▸ Instructions for the task:
Copy every entry verbatim and skip the pictures.

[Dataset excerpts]
□ □ □ □ □

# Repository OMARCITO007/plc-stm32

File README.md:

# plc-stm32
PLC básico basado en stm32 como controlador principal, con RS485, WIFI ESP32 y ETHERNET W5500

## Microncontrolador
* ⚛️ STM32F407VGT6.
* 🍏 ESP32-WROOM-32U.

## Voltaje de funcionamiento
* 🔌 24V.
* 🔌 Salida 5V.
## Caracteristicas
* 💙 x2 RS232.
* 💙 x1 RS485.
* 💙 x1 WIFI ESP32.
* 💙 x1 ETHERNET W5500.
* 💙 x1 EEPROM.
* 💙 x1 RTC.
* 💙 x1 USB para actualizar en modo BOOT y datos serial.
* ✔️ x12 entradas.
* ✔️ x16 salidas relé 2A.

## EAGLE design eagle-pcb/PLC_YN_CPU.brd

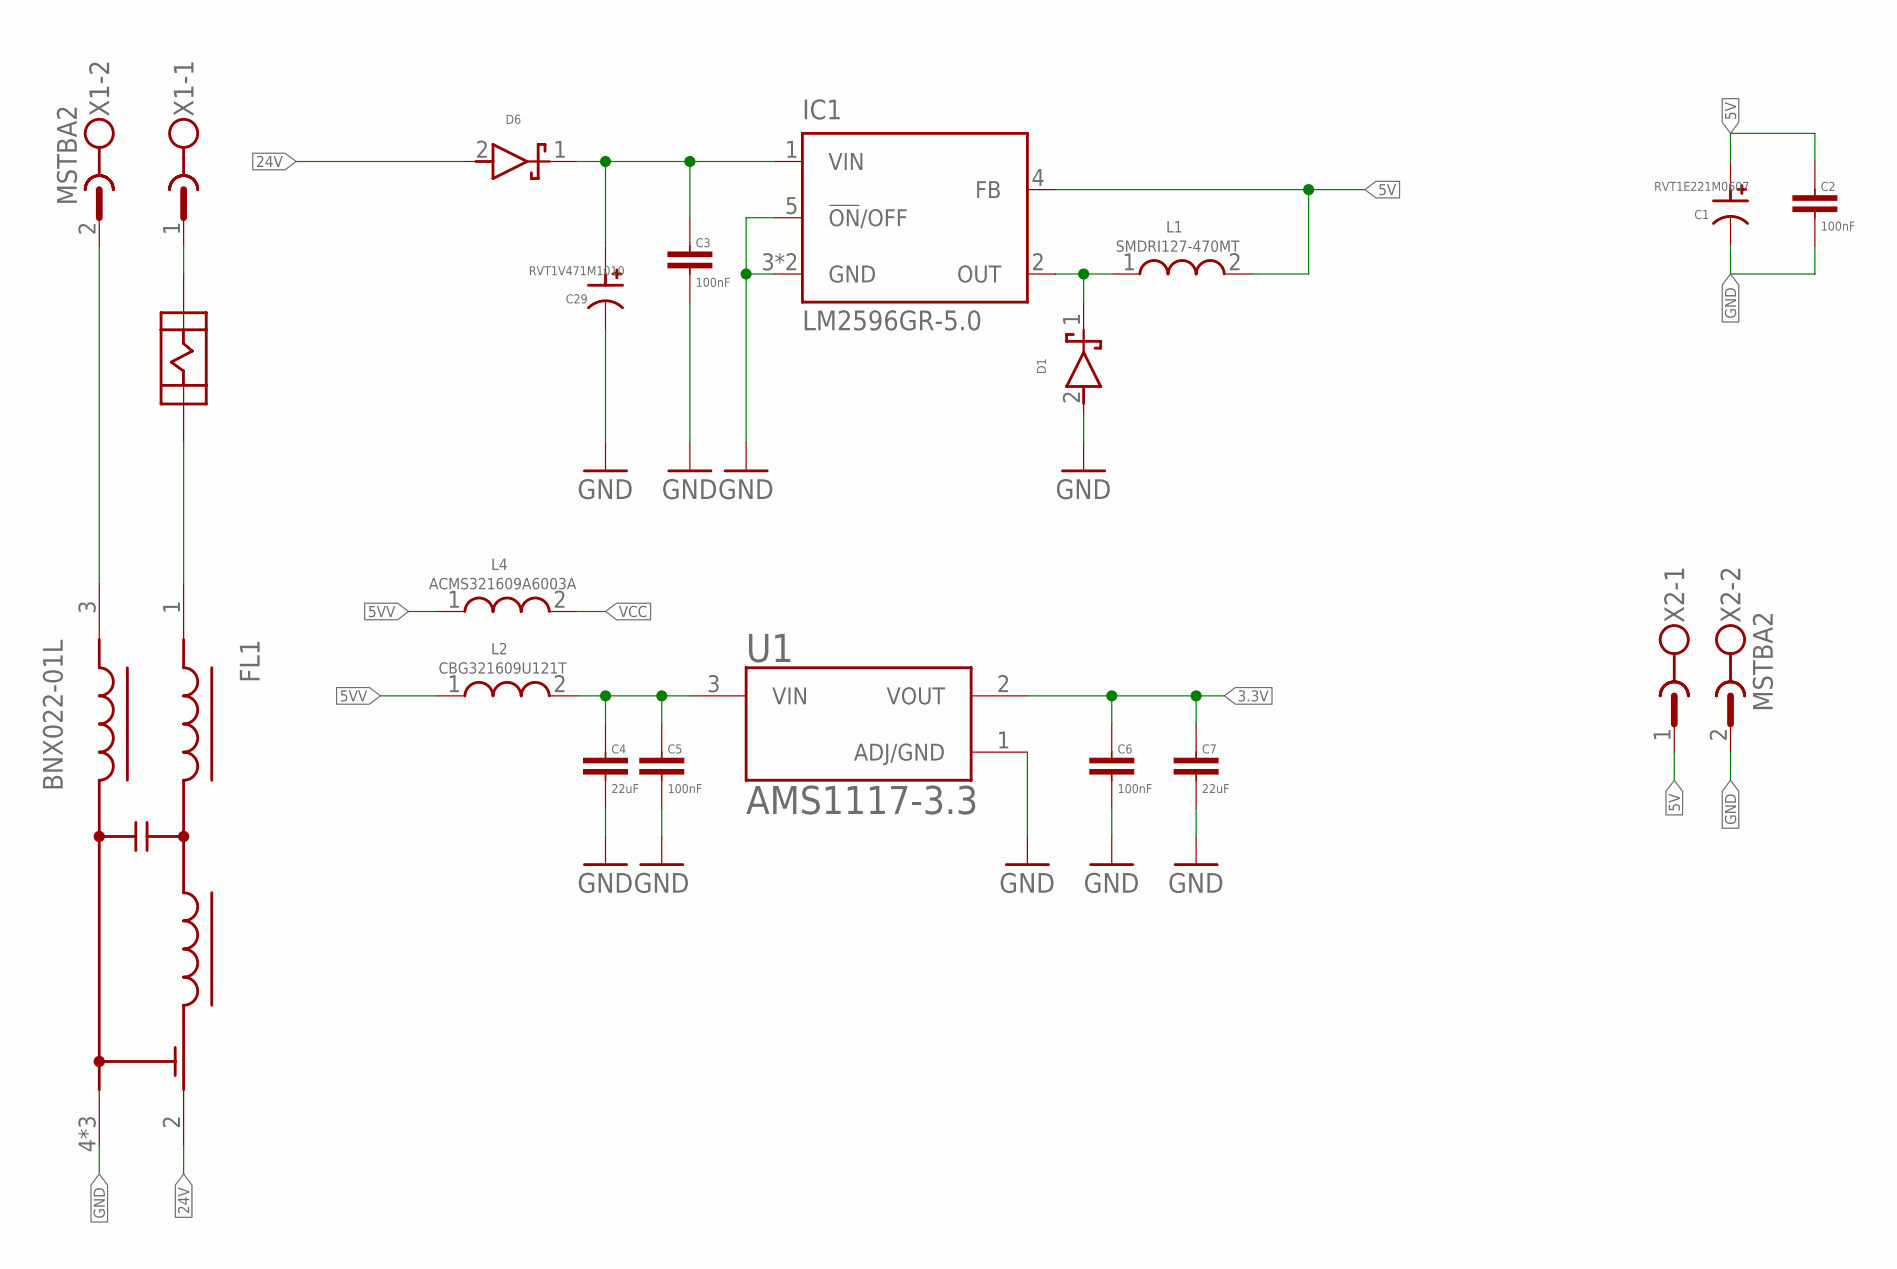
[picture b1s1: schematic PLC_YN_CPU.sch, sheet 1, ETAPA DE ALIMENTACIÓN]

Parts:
C1: RVT1E221M0607; CAP_100UF_6.3X7.7SMD
C2, C3, C5, C6: 100nF; C0603
C4, C7: 22uF; SMD_1206
C29: RVT1V471M1010; CAP_470UF_SMD_10X10.2
D1: SS36F; B360
D6: SS56; B360
F2: 3A; PORTAFUSIBLE
FL1: BNX022-01L; FIL_BNX022-01L
IC1: LM2596GR-5.0; TO263-5
L1: SMDRI127-470MT; IND
L2: CBG321609U121T; SMD_1206
L4: ACMS321609A6003A; SMD_1206
U1: AMS1117-3.3; SOT229P700X180-4N
X1, X2: MSTBA2

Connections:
3.3V: C6.1, C7.1, U1.2 (VOUT); also elsewhere on the board
5V: C1.P (1), C2.1, IC1.4 (FB), L1.2, X2.1; also elsewhere on the board
5VV: L2.1, L4.1; also elsewhere on the board
24V: D6.2, FL1.2 (CB); also elsewhere on the board
GND: C1.N (2), C2.2, C3.2, C4.2, C5.2, C6.2, C7.2, C29.N (2), D1.2, FL1.4 (CG), FL1.5 (CG), FL1.6 (CG), IC1.3 (GND), IC1.5 (!ON!/OFF), IC1.6 (GND), U1.1 (ADJ/GND), X2.2; also elsewhere on the board
unnamed: C4.1, C5.1, L2.2, U1.3 (VIN)
unnamed: C3.1, C29.P (1), D6.1, IC1.1 (VIN)
unnamed: D1.1, IC1.2 (OUT), L1.1
unnamed: F2.P$2, F2.P$4, X1.1
unnamed: FL1.3 (PSG), X1.2
unnamed: F2.P$1, F2.P$3, FL1.1 (B)
VCC: L4.2; also elsewhere on the board

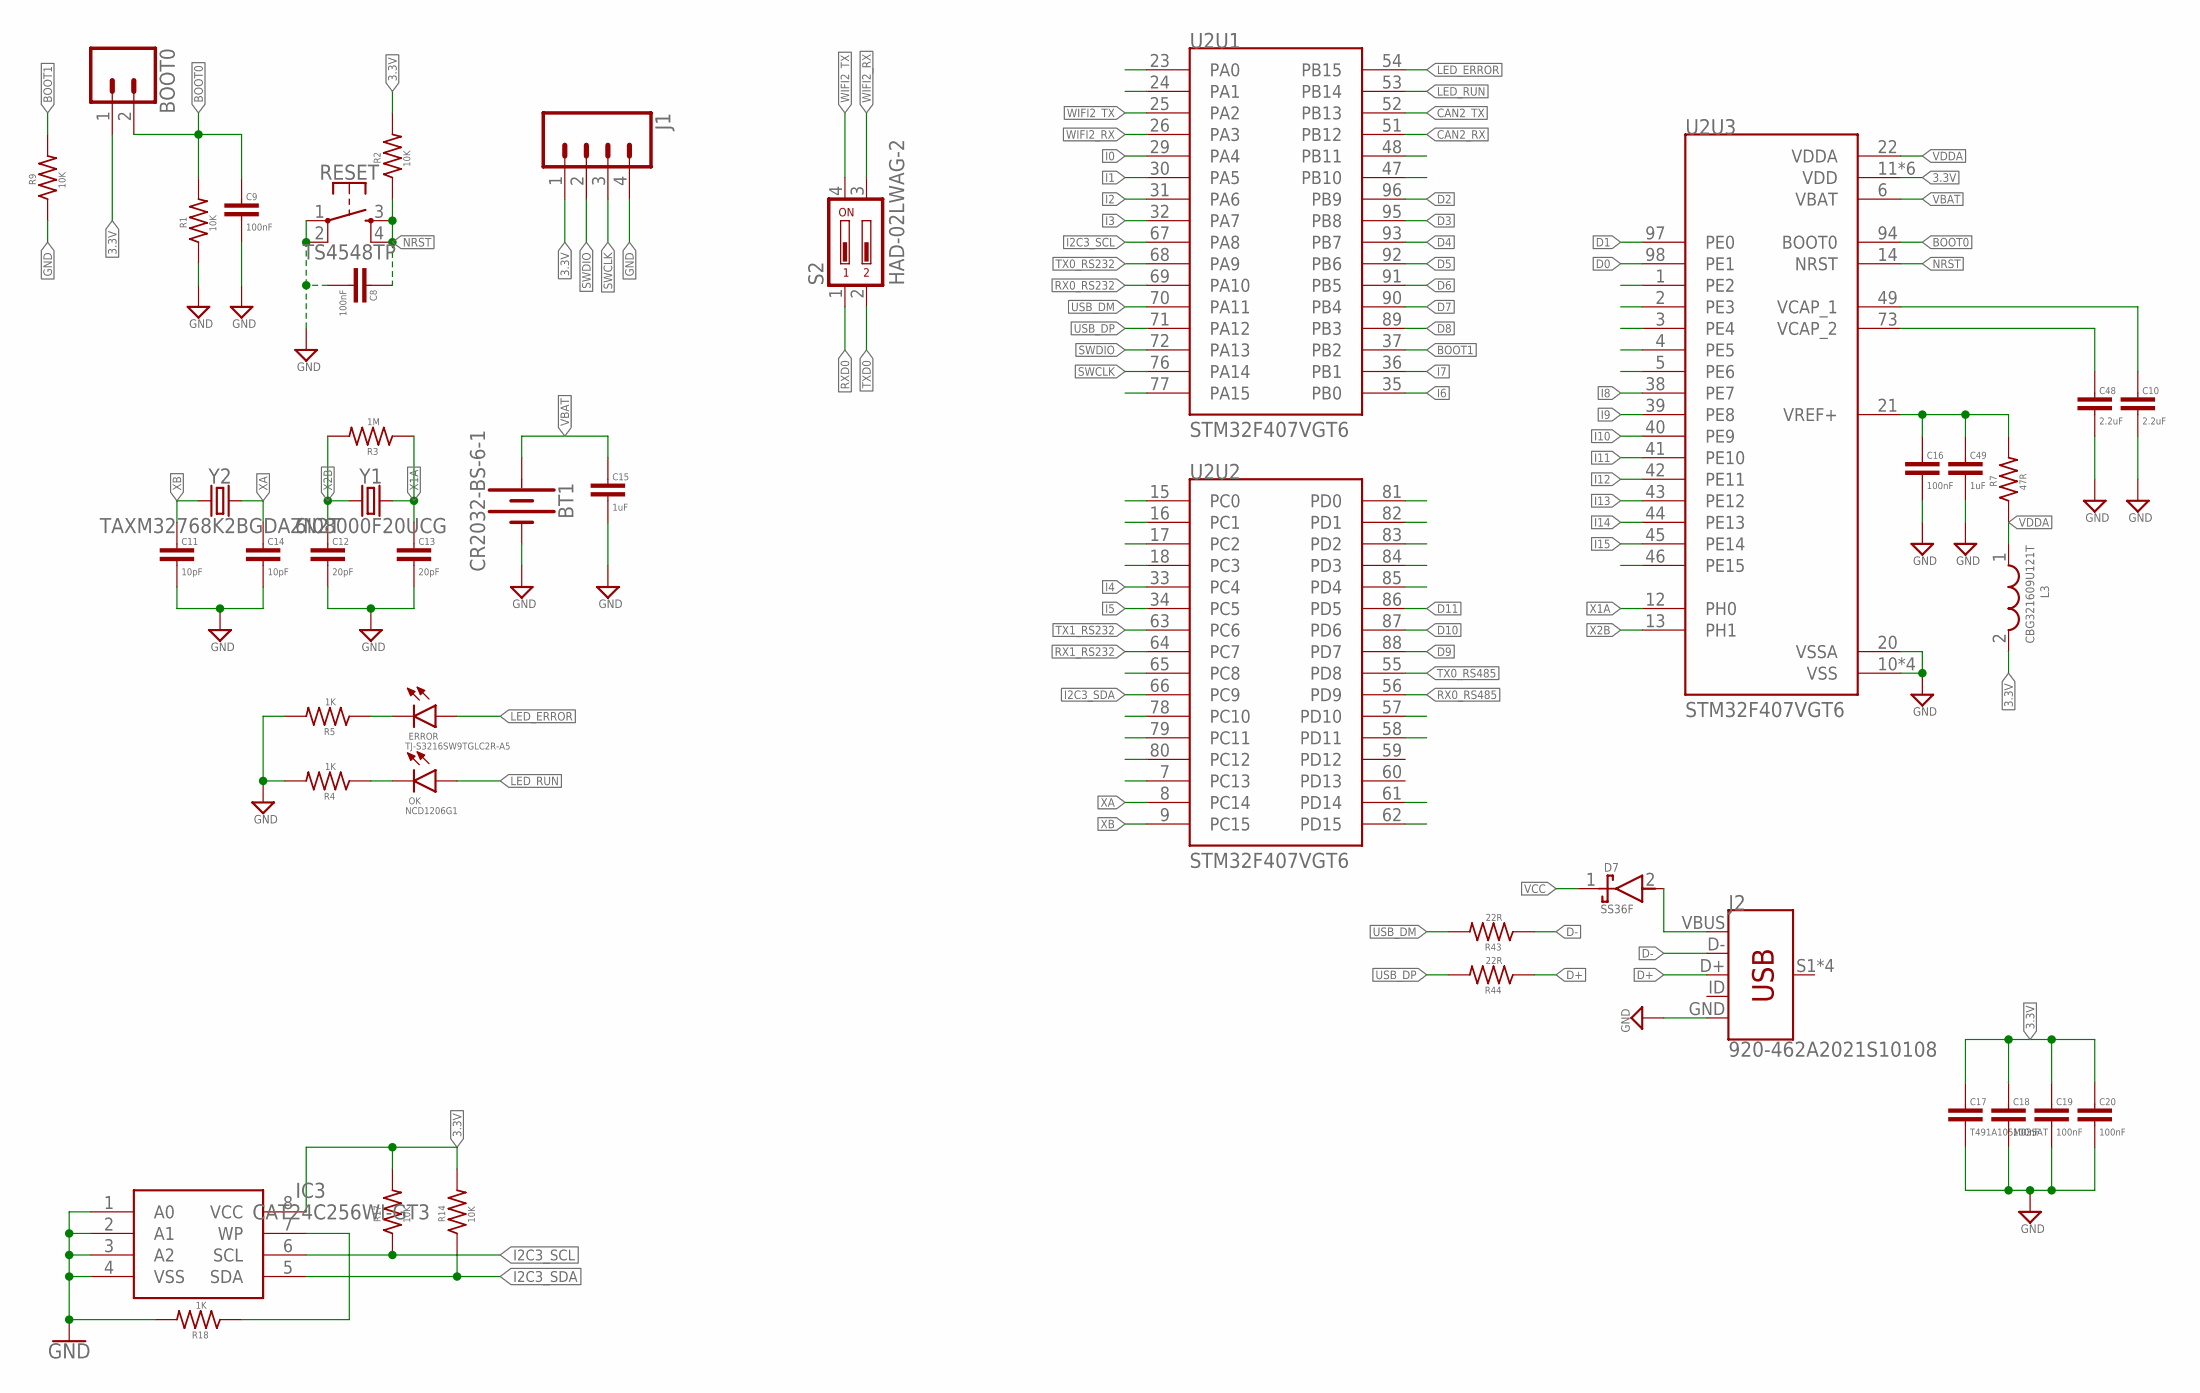
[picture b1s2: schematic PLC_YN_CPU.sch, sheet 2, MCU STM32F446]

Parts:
BOOT0: CONN_02; 1X02
BT1: CR2032-BS-6-1; BAT_CR2032_SMD
C8, C9, C16, C18, C19, C20: 100nF; C0603
C10, C48: 2.2uF; C0603
C11, C14: 10pF; C0603
C12, C13: 20pF; C0603
C15: 1uF; SMD_1206
C17: T491A105M035AT; SMD_1206
C49: 1uF; C0603
D7: SS36F; B360
ERROR: TJ-S3216SW9TGLC2R-A5; L1206
IC3: CAT24C256WI-GT3; SO08
J1: CONN_04; 1X04
J2: 920-462A2021S10108; USB-MINIB
L3: CBG321609U121T; SMD_1206
OK: NCD1206G1; L1206
R1, R2, R9, R14, R17: 10K; R0603
R3: 1M; R0603
R4, R5, R18: 1K; R0603
R7: 47R; R0603
R43, R44: 22R; R0603
RESET: TS4548TP; SWITCH
S2: HAD-02LWAG-2; CTS-219-02
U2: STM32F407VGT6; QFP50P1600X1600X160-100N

□ □ □ □ □

▸ Worked solution:
# Repository OMARCITO007/plc-stm32

File README.md:

# plc-stm32
PLC básico basado en stm32 como controlador principal, con RS485, WIFI ESP32 y ETHERNET W5500

## Microncontrolador
* ⚛️ STM32F407VGT6.
* 🍏 ESP32-WROOM-32U.

## Voltaje de funcionamiento
* 🔌 24V.
* 🔌 Salida 5V.
## Caracteristicas
* 💙 x2 RS232.
* 💙 x1 RS485.
* 💙 x1 WIFI ESP32.
* 💙 x1 ETHERNET W5500.
* 💙 x1 EEPROM.
* 💙 x1 RTC.
* 💙 x1 USB para actualizar en modo BOOT y datos serial.
* ✔️ x12 entradas.
* ✔️ x16 salidas relé 2A.

## EAGLE design eagle-pcb/PLC_YN_CPU.brd

[picture b1s1: schematic PLC_YN_CPU.sch, sheet 1, ETAPA DE ALIMENTACIÓN]

Parts:
C1: RVT1E221M0607; CAP_100UF_6.3X7.7SMD
C2, C3, C5, C6: 100nF; C0603
C4, C7: 22uF; SMD_1206
C29: RVT1V471M1010; CAP_470UF_SMD_10X10.2
D1: SS36F; B360
D6: SS56; B360
F2: 3A; PORTAFUSIBLE
FL1: BNX022-01L; FIL_BNX022-01L
IC1: LM2596GR-5.0; TO263-5
L1: SMDRI127-470MT; IND
L2: CBG321609U121T; SMD_1206
L4: ACMS321609A6003A; SMD_1206
U1: AMS1117-3.3; SOT229P700X180-4N
X1, X2: MSTBA2

Connections:
3.3V: C6.1, C7.1, U1.2 (VOUT); also elsewhere on the board
5V: C1.P (1), C2.1, IC1.4 (FB), L1.2, X2.1; also elsewhere on the board
5VV: L2.1, L4.1; also elsewhere on the board
24V: D6.2, FL1.2 (CB); also elsewhere on the board
GND: C1.N (2), C2.2, C3.2, C4.2, C5.2, C6.2, C7.2, C29.N (2), D1.2, FL1.4 (CG), FL1.5 (CG), FL1.6 (CG), IC1.3 (GND), IC1.5 (!ON!/OFF), IC1.6 (GND), U1.1 (ADJ/GND), X2.2; also elsewhere on the board
unnamed: C4.1, C5.1, L2.2, U1.3 (VIN)
unnamed: C3.1, C29.P (1), D6.1, IC1.1 (VIN)
unnamed: D1.1, IC1.2 (OUT), L1.1
unnamed: F2.P$2, F2.P$4, X1.1
unnamed: FL1.3 (PSG), X1.2
unnamed: F2.P$1, F2.P$3, FL1.1 (B)
VCC: L4.2; also elsewhere on the board

[picture b1s2: schematic PLC_YN_CPU.sch, sheet 2, MCU STM32F446]

Parts:
BOOT0: CONN_02; 1X02
BT1: CR2032-BS-6-1; BAT_CR2032_SMD
C8, C9, C16, C18, C19, C20: 100nF; C0603
C10, C48: 2.2uF; C0603
C11, C14: 10pF; C0603
C12, C13: 20pF; C0603
C15: 1uF; SMD_1206
C17: T491A105M035AT; SMD_1206
C49: 1uF; C0603
D7: SS36F; B360
ERROR: TJ-S3216SW9TGLC2R-A5; L1206
IC3: CAT24C256WI-GT3; SO08
J1: CONN_04; 1X04
J2: 920-462A2021S10108; USB-MINIB
L3: CBG321609U121T; SMD_1206
OK: NCD1206G1; L1206
R1, R2, R9, R14, R17: 10K; R0603
R3: 1M; R0603
R4, R5, R18: 1K; R0603
R7: 47R; R0603
R43, R44: 22R; R0603
RESET: TS4548TP; SWITCH
S2: HAD-02LWAG-2; CTS-219-02
U2: STM32F407VGT6; QFP50P1600X1600X160-100N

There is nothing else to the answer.